# Liberta Haven Rodent Cage - Good for Rats?



## RattyCake

I have searched EVERYWHERE for a decent review of the Liberta Haven rodent cage, but nothing turned up. So should I get this? I don't want anything more than 70x45cm. Height isn't so much a big deal as long as it's not ridiculous. So if this cage isn't good, do you have any recommendations?

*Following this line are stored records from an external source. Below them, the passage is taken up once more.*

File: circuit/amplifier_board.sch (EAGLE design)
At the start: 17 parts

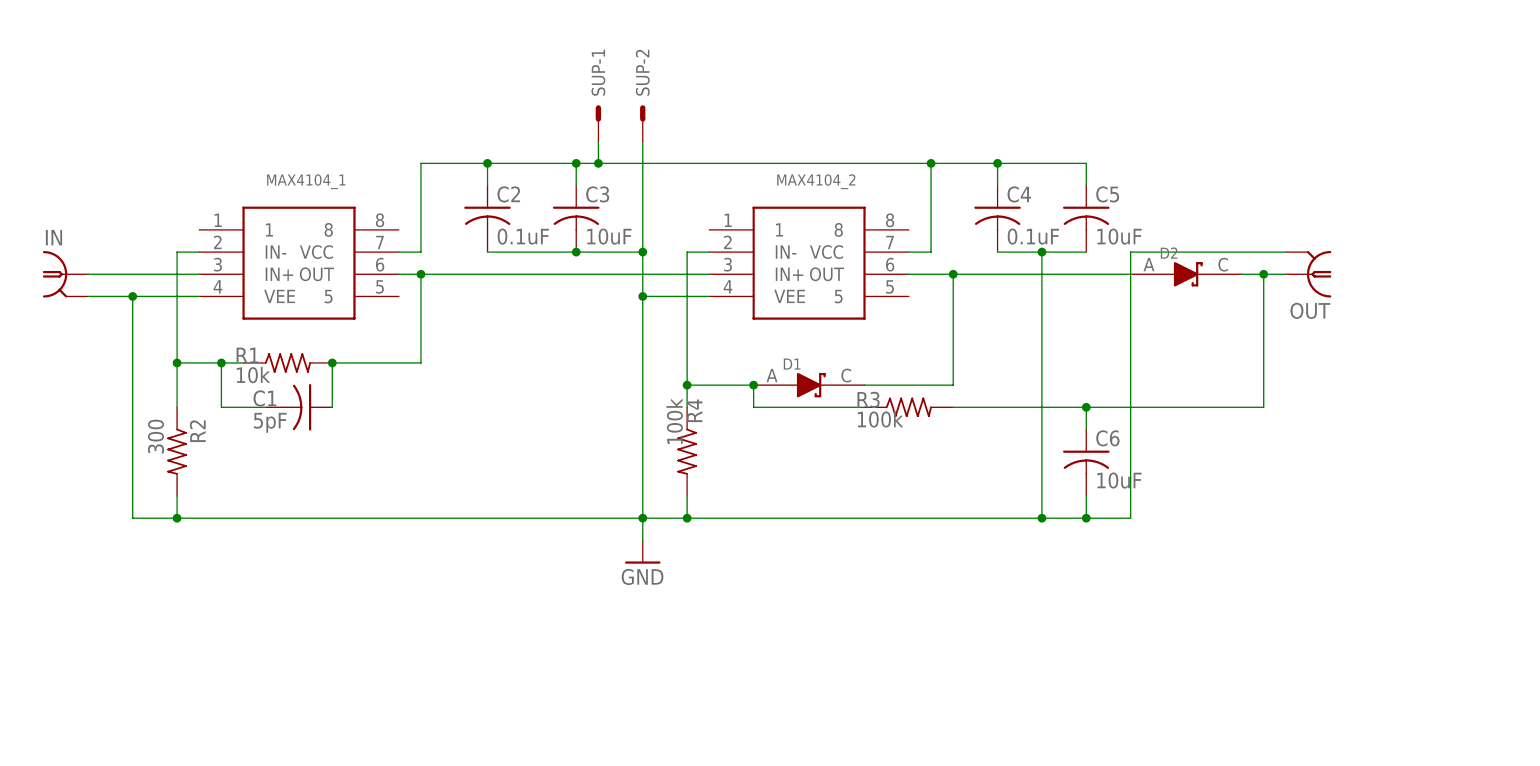
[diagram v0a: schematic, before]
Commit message: boards: Changed components to be correct; increased board size to be solderable.
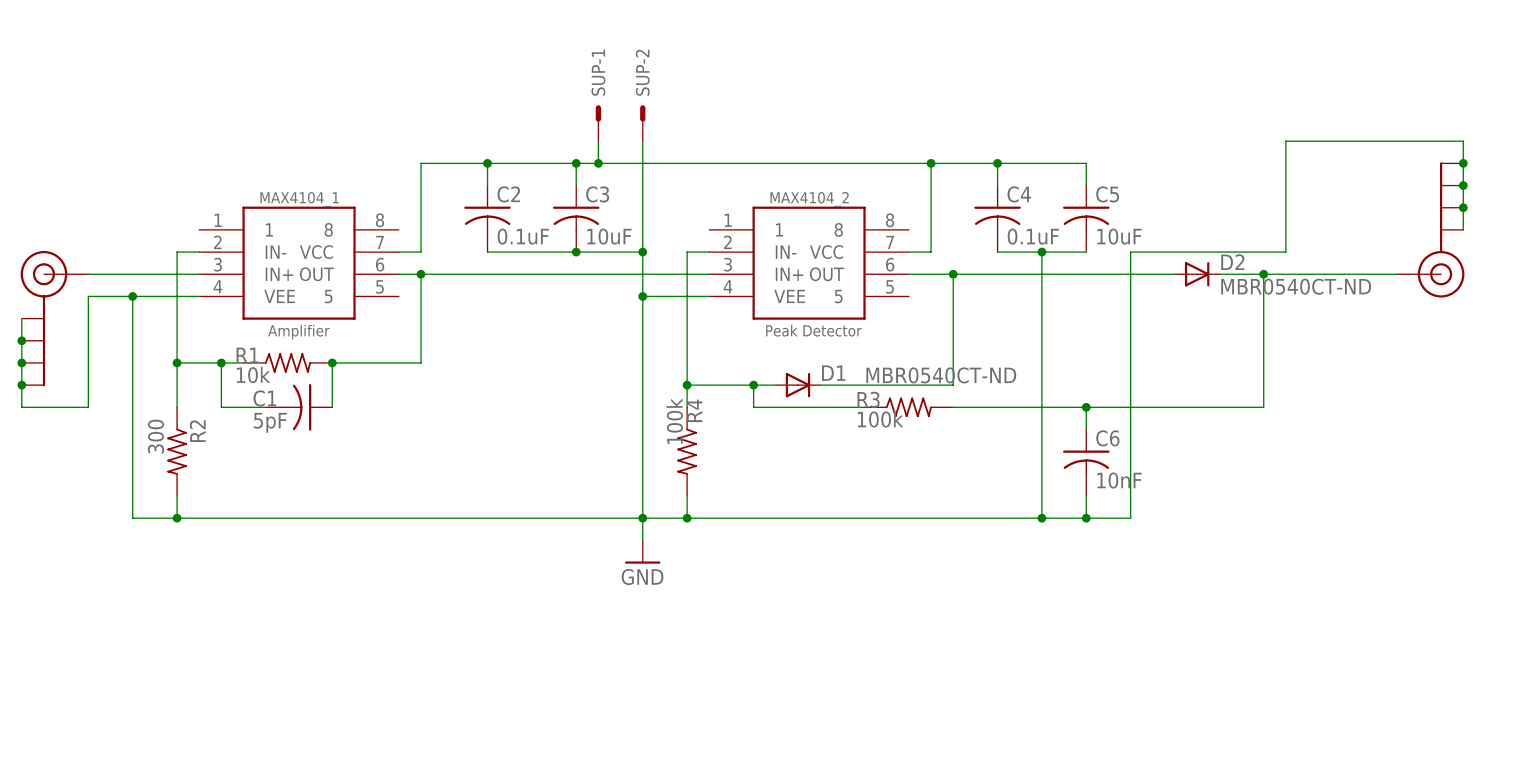
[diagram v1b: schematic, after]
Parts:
- C6: value 10uF -> 10nF
- D1, D2: value (none) -> MBR0540CT-ND; device 000phys605parts:SCH_D1 -> diode:CGRM4001-G
- IN, OUT: value LTI-SASF54GT -> SMA_EDGE; device con-coax:LTI-SASF54GT -> SparkFun-Retired:SMA_EDGE
- MAX4104_1: value (none) -> Amplifier
- MAX4104_2: value (none) -> Peak Detector
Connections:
- net DIG_READOUT: now also D2.C, OUT.SIGNAL; no longer D2.OUT, OUT.1
- net GND: now also IN.GND@0, IN.GND@1, IN.GND@2, IN.GND@3, OUT.GND@0, OUT.GND@1, OUT.GND@2, OUT.GND@3; no longer IN.2, OUT.2
- net IN: now also IN.SIGNAL; no longer IN.1
- net IN-_2: now also D1.A; no longer D1.IN
- net OUT_2: now also D1.C, D2.A; no longer D1.OUT, D2.IN

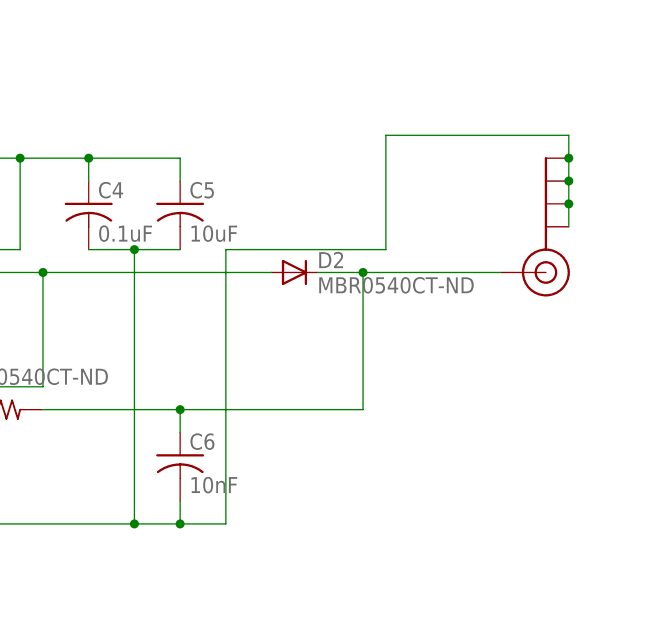
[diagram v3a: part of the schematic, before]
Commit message: boards: Changes to library and board designs.
Will I need to remove the vias and replace them with holes in order to be able to ground both sides?
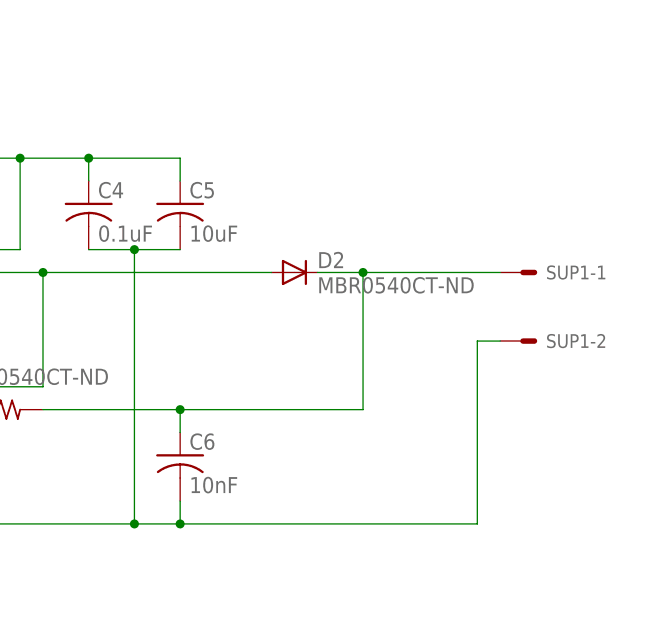
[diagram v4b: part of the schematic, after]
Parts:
- removed OUT: SMA_EDGE, SparkFun-Retired:SMA_EDGE
- added SUP1: 332-02, con-garry:332-02
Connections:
- net DIG_READOUT: now also SUP1-1.S; no longer OUT.SIGNAL
- net GND: now also SUP1-2.S; no longer OUT.GND@0, OUT.GND@1, OUT.GND@2, OUT.GND@3
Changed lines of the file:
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@@
 <clearance class="0" value="0.3048"/>
 </class>
-<class number="1" name="high_freq" width="0.184303125" drill="0">
+<class number="1" name="high_freq" width="3.021" drill="0">
 <clearance class="0" value="0.508"/>
 <clearance class="1" value="0.508"/>
@@
 <part name="R4" library="rcl" library_urn="urn:adsk.eagle:library:334" deviceset="R-US_" device="M0805" package3d_urn="urn:adsk.eagle:package:23556/1" value="100k"/>
 <part name="C6" library="rcl" library_urn="urn:adsk.eagle:library:334" deviceset="C-US" device="C0805" package3d_urn="urn:adsk.eagle:package:23617/2" value="10nF"/>
-<part name="OUT" library="SparkFun-Retired" deviceset="SMA_EDGE" device=""/>
 <part name="IN" library="SparkFun-Retired" deviceset="SMA_EDGE" device=""/>
 <part name="D1" library="diode" library_urn="urn:adsk.eagle:library:210" deviceset="CGRM400*-G" device="" package3d_urn="urn:adsk.eagle:package:43457/2" technology="1" value="MBR0540CT-ND"/>
 <part name="D2" library="diode" library_urn="urn:adsk.eagle:library:210" deviceset="CGRM400*-G" device="" package3d_urn="urn:adsk.eagle:package:43457/2" technology="1" value="MBR0540CT-ND"/>
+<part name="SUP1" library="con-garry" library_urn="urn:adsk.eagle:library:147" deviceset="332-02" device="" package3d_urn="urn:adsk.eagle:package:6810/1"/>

Here's a link to the Haven: Liberta Haven Rat and Chinchilla Cage - Next Day Delivery Liberta Haven Rat and Chinchilla Cage

Thanks for the advice!

EDIT: Oops I think I posted in the wrong section! I swear I was posting in Rodents...Huh...


----------



## tagalong

It's Ok as a temporary or possibly boarding cage but only for up to 2 rats and tbh is too small for 2 adults -it also seems to get smelly quickly ands bars tend to get rusty -bar space OK for small rats -liberta make bigger better cages as far as i know -the wood shelves are also useless as get soaked and need replacing with Furplast shelves and ladders or use hammocks to create levels


----------



## Guest

Too small in my opinion (ok as a temp but not as a permanent cage), the Jenny is the smallest I would go for two rats.


----------



## Rhi

I agree that they are too small too. I've also heard that they get really smelly aftera few months use as the bars aren't coated and that's even with binning the wooden shelves.


----------



## RattyCake

Thanks guys! I found this cage on ebay that looks pretty good. Do you think it'll be okay? It's just a furplast plus but with an extra platform.

Large ferplast rat / ferrett cage, used for 4 weeks | eBay

Here's a link to a standard one:
Furet Plus Rat Cage by Ferplast | Pets at Home


----------



## LostGirl

in real life they are rubbish honestly you'd be wasting your money when i first looked in to rats i saw this on line and thought it was ok, i wanted bigger tho (more rats!) then when i saw it in a shop i realised how dire it really is, its small, the doors are rubbish the wood bits are horrible! 

Id try and find a freddy 2 or Jenny cage you can get them second hand pretty cheap


----------



## Maltey

I hate that cage so much.
It was given to me with some rats I took in and I hate it!
The doors are tiny making it really difficult not only to decorate but to get rats out.
It's quite flimsy- yesterday I fell down the stairs and hit the cage with my foot, the whole thing bent inwards.
Plus I hate the pull out trays too- why would they divide it in half? Why have two pull out trays in such a small cage? 
Plus it's only just big enough for 2 by the cage calculator, but I don't feel like it's big enough for 2 for permanent living.

Rant over!

The Freddy 2 isn't a bad call, I also like Marchioro cages or you could try a Ferplast Jenny.


----------



## RattyCake

I got a pair of rats now, but the cage they came with is only good for the size they are now. Anyone know how fast rats grow? I'd like to plan ahead to get a nice Jenny or Furet plus. Thanks guys for all your invaluable advice!


----------



## Maltey

How old are they now?
Babies grow fairly quickly and reach their adult size about 6 months ish, give or take depending on the rat.


----------



## RattyCake

I honestly forgot to ask >.< I'd say around six weeks right now. We have gerbils too and they look around the same size (the gerbils are fully grown judging off when my boyfriend had gerbils.) so hopefully I have a couple of months to search and save up!


----------



## Maltey

Oooo they're going to grow quick!
I'd say give it a month and they'll be almost double in size!
You can often find great deals on cages on preloved/ebay/gumtree- I've never bought a brand new cage in my life!


----------



## RattyCake

I've been looking but there don't seem to be many rat lovers near me! I'll be sure to check regularly though. I don't want my girls to be all smooshed in a tiny cage!


----------



## Snippet

Try looking for ferret and chinchilla cages as well.

Or if you want a new cage try a Liberta Abode. They're a good cage for the price. I wouldn't recommend getting an old Jenny as the bars aren't coated so they stink within months. The new Jenny KD is much better.


----------



## rattiedee

I have a freddy 2 and the rats love it


----------